Philippe Martinez a rendez-vous avec Myriam El Khomri à la première heure vendredi.

“Elle a mon numéro de téléphone, elle peut m’appeler quand elle veut pour qu’on se voie avant vendredi”, a-t-il répété lundi sur Europe 1. “Ça fait trois mois qu’on demande à discuter avec le gouvernement et pour l’instant ce n’était pas possible.”

Une version contestée par la ministre du Travail.

“La CGT a opté pour la politique de la chaise vide depuis plusieurs mois, ils ne se sont pas rendus aux réunions qui étaient prévues soit avec moi soit avec mon équipe en janvier et encore en mars dernier”, a-t-elle dit sur France Inter. “La position de la CGT a évolué et c’est une bonne chose.”

Même dialogue de sourds sur le fond. Philippe Martinez demande toujours le retrait de cinq articles clefs du texte, dont l’article deux, le plus contesté, qui établit la primauté des accords d’entreprises sur les accords de branche.

“J’espère que s’il y a un rendez-vous, c’est pour écouter et bouger un certain nombre de choses”, a-t-il dit à Europe 1.

“Le texte peut toujours être amélioré mais il est hors de question de le dénaturer”, a répliqué la ministre.

Le Sénat entame ce lundi l’examen en séance du texte sur lequel le gouvernement a engagé sa responsabilité en première lecture le 12 mai à l’Assemblée.
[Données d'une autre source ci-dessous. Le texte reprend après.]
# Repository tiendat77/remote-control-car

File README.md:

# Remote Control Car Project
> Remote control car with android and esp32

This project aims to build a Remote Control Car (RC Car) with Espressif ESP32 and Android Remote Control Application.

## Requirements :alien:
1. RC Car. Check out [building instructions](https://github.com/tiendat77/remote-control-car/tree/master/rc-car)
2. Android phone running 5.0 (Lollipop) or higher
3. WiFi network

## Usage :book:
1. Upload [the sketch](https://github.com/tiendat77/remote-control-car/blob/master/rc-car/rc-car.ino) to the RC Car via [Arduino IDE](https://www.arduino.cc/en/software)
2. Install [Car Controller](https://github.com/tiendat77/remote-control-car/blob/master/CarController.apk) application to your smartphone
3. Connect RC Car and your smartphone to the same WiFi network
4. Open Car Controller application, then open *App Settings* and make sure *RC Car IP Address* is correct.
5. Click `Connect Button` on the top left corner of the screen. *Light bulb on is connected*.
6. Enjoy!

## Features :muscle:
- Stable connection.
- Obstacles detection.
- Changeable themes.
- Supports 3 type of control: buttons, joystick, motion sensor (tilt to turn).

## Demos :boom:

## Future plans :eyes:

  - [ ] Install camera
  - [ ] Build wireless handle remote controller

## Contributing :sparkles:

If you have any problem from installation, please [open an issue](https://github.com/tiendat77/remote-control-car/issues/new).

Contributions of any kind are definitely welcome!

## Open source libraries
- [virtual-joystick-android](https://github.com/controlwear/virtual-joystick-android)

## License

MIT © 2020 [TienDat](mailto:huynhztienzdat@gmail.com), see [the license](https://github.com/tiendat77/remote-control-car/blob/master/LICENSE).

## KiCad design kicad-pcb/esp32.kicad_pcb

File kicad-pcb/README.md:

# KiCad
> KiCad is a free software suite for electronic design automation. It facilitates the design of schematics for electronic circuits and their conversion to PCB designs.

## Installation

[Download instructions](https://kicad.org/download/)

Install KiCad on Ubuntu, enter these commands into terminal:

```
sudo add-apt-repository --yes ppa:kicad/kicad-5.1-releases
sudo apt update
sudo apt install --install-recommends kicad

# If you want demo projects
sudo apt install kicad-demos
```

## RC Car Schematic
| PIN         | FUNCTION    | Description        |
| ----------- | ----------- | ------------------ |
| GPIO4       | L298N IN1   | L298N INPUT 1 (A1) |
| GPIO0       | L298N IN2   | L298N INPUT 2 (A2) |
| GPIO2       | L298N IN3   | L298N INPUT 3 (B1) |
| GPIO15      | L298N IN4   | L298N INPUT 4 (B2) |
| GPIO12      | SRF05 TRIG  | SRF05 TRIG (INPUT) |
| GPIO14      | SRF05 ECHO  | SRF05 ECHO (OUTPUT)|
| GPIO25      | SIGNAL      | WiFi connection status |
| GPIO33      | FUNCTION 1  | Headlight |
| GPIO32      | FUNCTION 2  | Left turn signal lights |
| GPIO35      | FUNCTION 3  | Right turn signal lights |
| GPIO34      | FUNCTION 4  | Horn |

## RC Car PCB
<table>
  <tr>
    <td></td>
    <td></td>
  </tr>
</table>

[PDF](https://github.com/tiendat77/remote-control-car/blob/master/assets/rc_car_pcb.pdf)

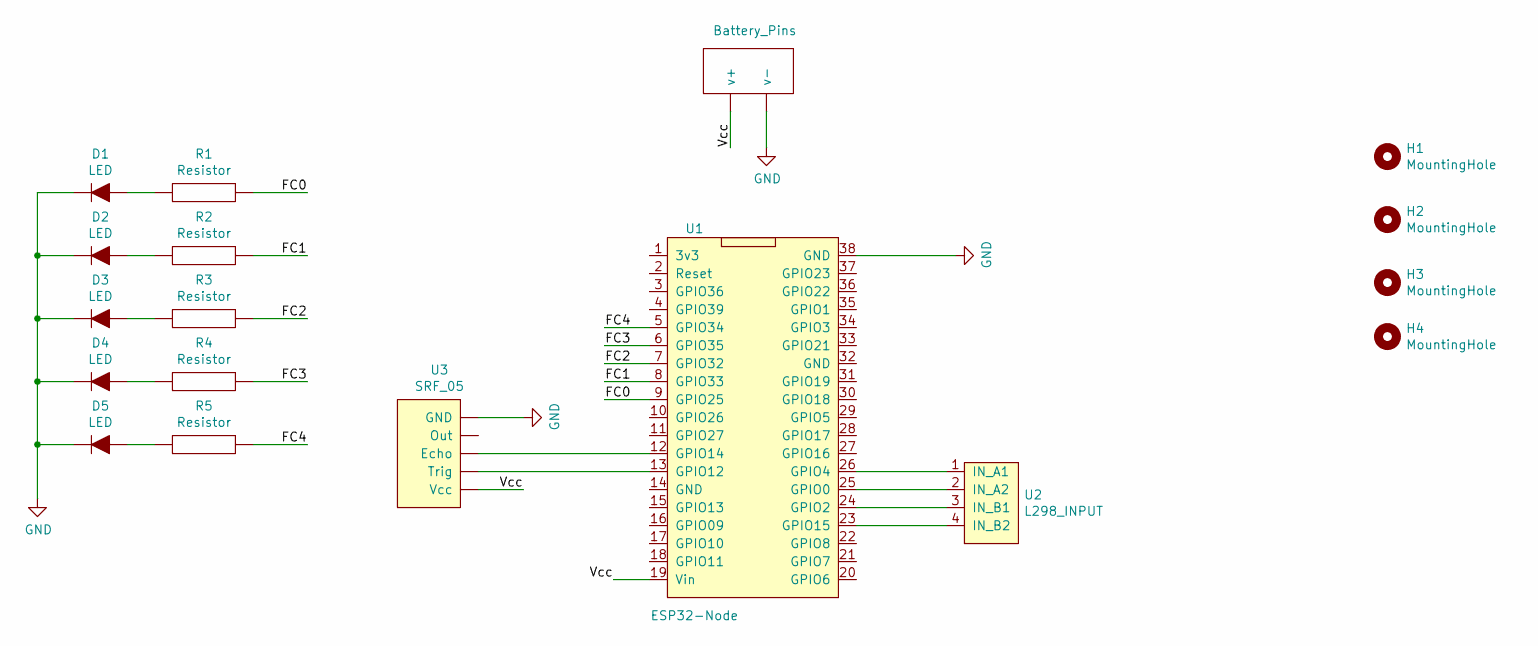
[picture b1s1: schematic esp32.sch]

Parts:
BT1: Battery_Pins; Domino_2_5.05mm
D1, D2, D3, D4, D5: LED; Led
H1, H2, H3, H4: MountingHole
R1, R2, R3, R4, R5: Resistor
U1: ESP32-Node; ESP32_Node
U2: L298_INPUT; L298_Input
U3: SRF_05; SRF05

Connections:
/FC0: R1.2, U1.9 (GPIO25)
/FC1: R2.2, U1.8 (GPIO33)
/FC2: R3.2, U1.7 (GPIO32)
/FC3: R4.2, U1.6 (GPIO35)
/FC4: R5.2, U1.5 (GPIO34)
/Vcc: BT1.1 (v+), U1.19 (Vin), U3.1 (Vcc)
GND: BT1.2 (v-), D1.2, D2.2, D3.2, D4.2, D5.2, U1.38 (GND), U3.5 (GND)
unnamed: D1.1, R1.1
unnamed: D2.1, R2.1
unnamed: D3.1, R3.1
unnamed: D4.1, R4.1
unnamed: D5.1, R5.1
unnamed: U1.12 (GPIO14), U3.3 (Echo)
unnamed: U1.13 (GPIO12), U3.2 (Trig)
unnamed: U1.23 (GPIO15), U2.4 (IN_B2)
unnamed: U1.24 (GPIO2), U2.3 (IN_B1)
unnamed: U1.25 (GPIO0), U2.2 (IN_A2)
unnamed: U1.26 (GPIO4), U2.1 (IN_A1)

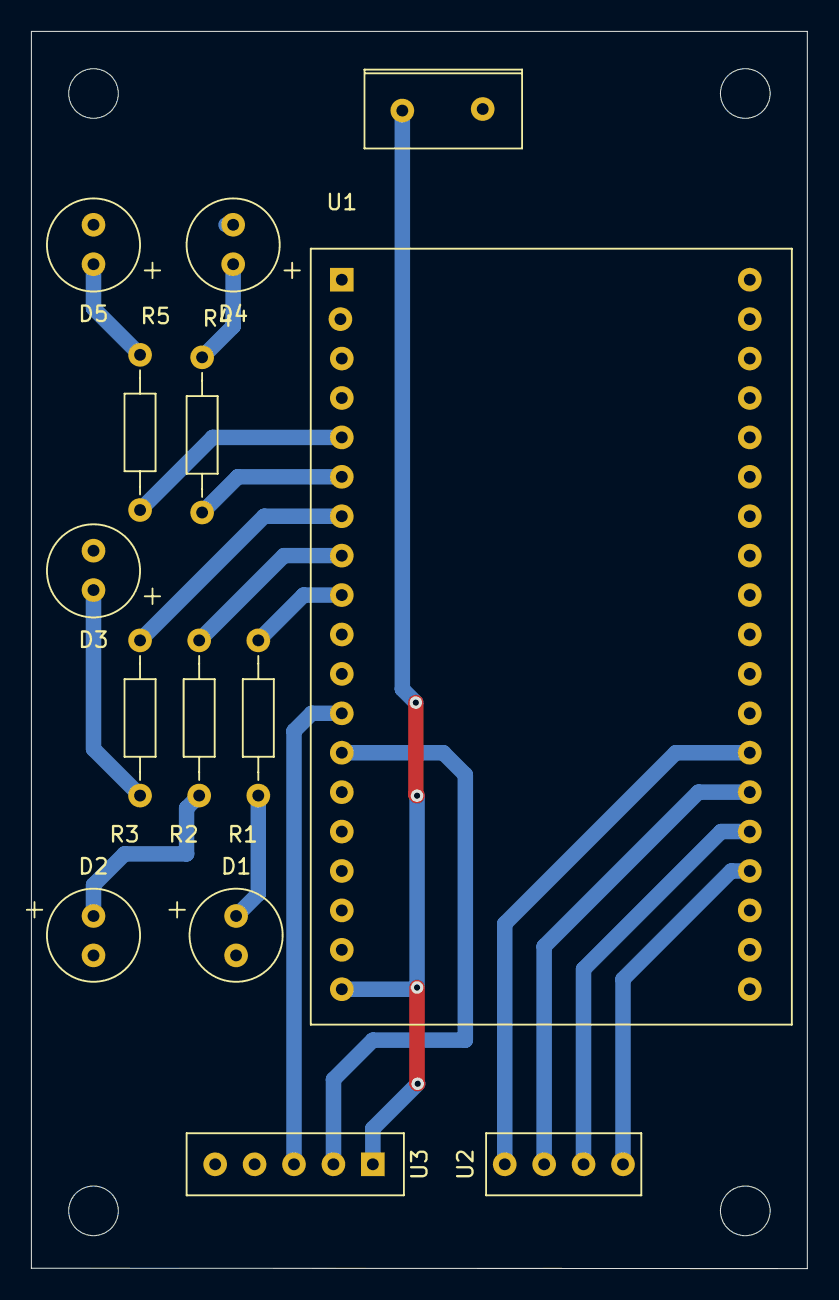
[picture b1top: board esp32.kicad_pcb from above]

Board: 2 copper layers, 50.0 x 79.7 mm, 18 parts (0 on the bottom side), 18 nets.

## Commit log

2020-11-10 Initial commit :sunrise:
2020-11-17 clean project
2020-11-19 feat(esp32): wifi server
2020-11-22 update esp
2020-11-22 esp with FreeRTOS
2020-11-23 init android project
2020-11-24 android template
2020-11-25 update android template
2020-11-26 android layout
2020-11-26 update test project
2020-11-26 update test proj
2020-11-26 update app layout
2020-11-27 server test
2020-11-27 feat: control view, tcp server test (#1)
    * esp wifi server with FreeRTOS
    * android control view
    * server test
2020-11-27 move virtual joystick library to local
2020-11-27 create controller package
2020-11-27 fix Setting Activity hidden UI navigation bar
2020-11-27 init README
2020-11-28 Create custom views, Rebase project
2020-11-28 app icon, splash screen
2020-11-28 feat: controller, app icon, splash screen (#2)
2020-11-29 update: server test
2020-11-29 update app icon
2020-11-29 feat accelerometer control
2020-11-29 clean assets
2020-11-29 feat: controlling by motion sensor (#3)
2020-11-30 update README and assets
2020-11-30 Update README (#4)
2020-11-30 feat: srf05
2020-12-01 udpate connection status
2020-12-04 update schematic
2020-12-06 feat: schematic and pcb
2020-12-06 feat: schematic and pcb (#5)
2020-12-06 update asset
2020-12-06 update doc
2020-12-06 update README (#6)
2020-12-07 feat: accelerometer animation
2020-12-08 fix: accelerometer animation
2020-12-08 customize virtual joystick library
2020-12-08 chore virtual joystick view
2020-12-09 update virtual joystick
2020-12-13 update app icons
2020-12-13 feat: accelerometer animation (#7)
    - change function icon
    - create JoystickView
    - create motion animation

La commission des Affaires sociales du Sénat l’a déjà passé à la moulinette.

Pour Jean-Marie Le Guen, le débat au Sénat permettra de “revenir au réel et au clivage droite-gauche”.

Le gouvernement a prévenu qu’il rétablirait la version sortie en mai de l’Assemblée nationale, à quelques ajustements près, lors du retour du texte devant les députés, en juillet.

L’Assemblée a constitutionnellement le dernier mot mais le gouvernement pourrait recourir de nouveau à la procédure prévu par l’article 49-3 de la Constitution, s’il ne convainc les députés PS qui ont refusé de le voter en première lecture.

“Le gouvernement ne renonce évidemment à rien et prendra, s’il le faut, ses responsabilités”, avertit Jean-Marie Le Guen.